# Data:
────
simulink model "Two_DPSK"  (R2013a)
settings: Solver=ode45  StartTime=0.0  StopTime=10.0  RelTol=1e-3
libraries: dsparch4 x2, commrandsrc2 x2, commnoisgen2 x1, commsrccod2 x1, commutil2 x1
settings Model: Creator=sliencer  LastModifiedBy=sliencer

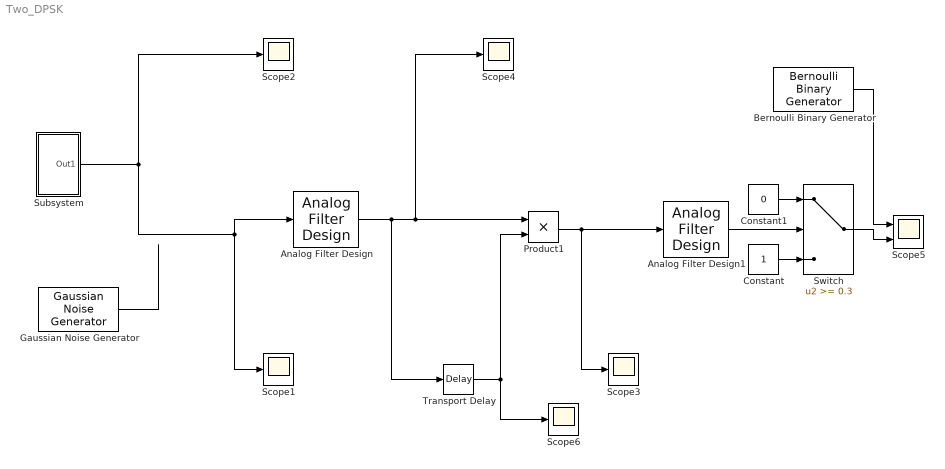
== system Two_DPSK ==
  Analog Filter Design : dsparch4/Analog Filter Design  method=Butterworth  filttype=Bandpass  N=4  Wlo=2*2*pi  Whi=7*2*pi  Rp=2  Rs=40
  Analog Filter Design1 : dsparch4/Analog Filter Design  method=Butterworth  filttype=Lowpass  N=4  Wlo=3*2*pi  Whi=80  Rp=2  Rs=40
  Bernoulli Binary Generator : commrandsrc2/Bernoulli Binary Generator  P=0.5  seed=61  Ts=1  frameBased=off  sampPerFrame=1  orient=off  outDataType=double
  Constant : Constant
  Constant1 : Constant  Value=0
  Gaussian Noise Generator : commnoisgen2/Gaussian Noise Generator  m=0  d=1  s=41  Ts=1  frameBased=off  sampPerFrame=1  orient=off  outDataType=double
  Product1 : Product
  Scope{1..4,6} (5 alike) : Scope
      Scope2 settings: SaveName=ScopeData2
      Scope3 settings: SaveName=ScopeData3
      Scope4 settings: SaveName=ScopeData4
      Scope6 settings: SaveName=ScopeData6
  Scope5 : Scope  NumInputPorts=2
      settings: YMin=-5~-5  YMax=5~5  SaveName=ScopeData5
  Subsystem : Subsystem
  Switch : Switch  Threshold=0.3
  Transport Delay : TransportDelay  DelayTime=0.318*pi
  wires:
  Gaussian Noise Generator/1 -> ?
  Subsystem/1(Out1) -> Analog Filter Design/1, Scope1/1, Scope2/1
  Analog Filter Design/1 -> Transport Delay/1, Scope4/1, Product1/1
  Transport Delay/1 -> Scope6/1, Product1/2
  Product1/1 -> Scope3/1, Analog Filter Design1/1
  Analog Filter Design1/1 -> Switch/2
  Switch/1 -> Scope5/2
  Bernoulli Binary Generator/1 -> Scope5/1
  Constant/1 -> Switch/3
  Constant1/1 -> Switch/1

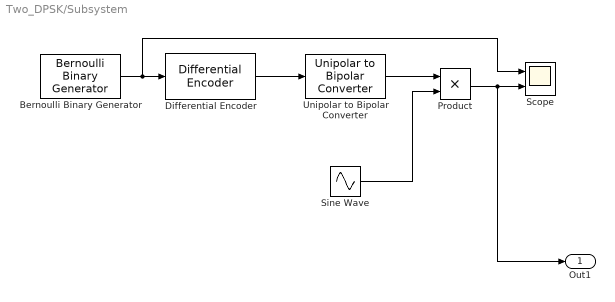
== system Two_DPSK/Subsystem ==
  Bernoulli Binary Generator : commrandsrc2/Bernoulli Binary Generator  P=0.5  seed=61  Ts=1  frameBased=off  sampPerFrame=1  orient=off  outDataType=double
  Differential Encoder : commsrccod2/Differential Encoder  InitCond=0.05
  Product : Product
  Scope : Scope  NumInputPorts=2
      settings: YMin=-5~-5  YMax=5~5
  Sine Wave : Sin  Frequency=8*pi  SampleTime=1/500
  Unipolar to Bipolar Converter : commutil2/Unipolar to Bipolar Converter  M=2  polarity=Positive  dataType=Same as input
  Out1 : Outport
  wires:
  Differential Encoder/1 -> Unipolar to Bipolar Converter/1
  Unipolar to Bipolar Converter/1 -> Product/1
  Sine Wave/1 -> Product/2
  Product/1 -> Scope/2, Out1/1
  Bernoulli Binary Generator/1 -> Scope/1, Differential Encoder/1
────
Extract, from the material above, each line holding the word "Bipolar".

  Unipolar to Bipolar Converter : commutil2/Unipolar to Bipolar Converter  M=2  polarity=Positive  dataType=Same as input
  Differential Encoder/1 -> Unipolar to Bipolar Converter/1
  Unipolar to Bipolar Converter/1 -> Product/1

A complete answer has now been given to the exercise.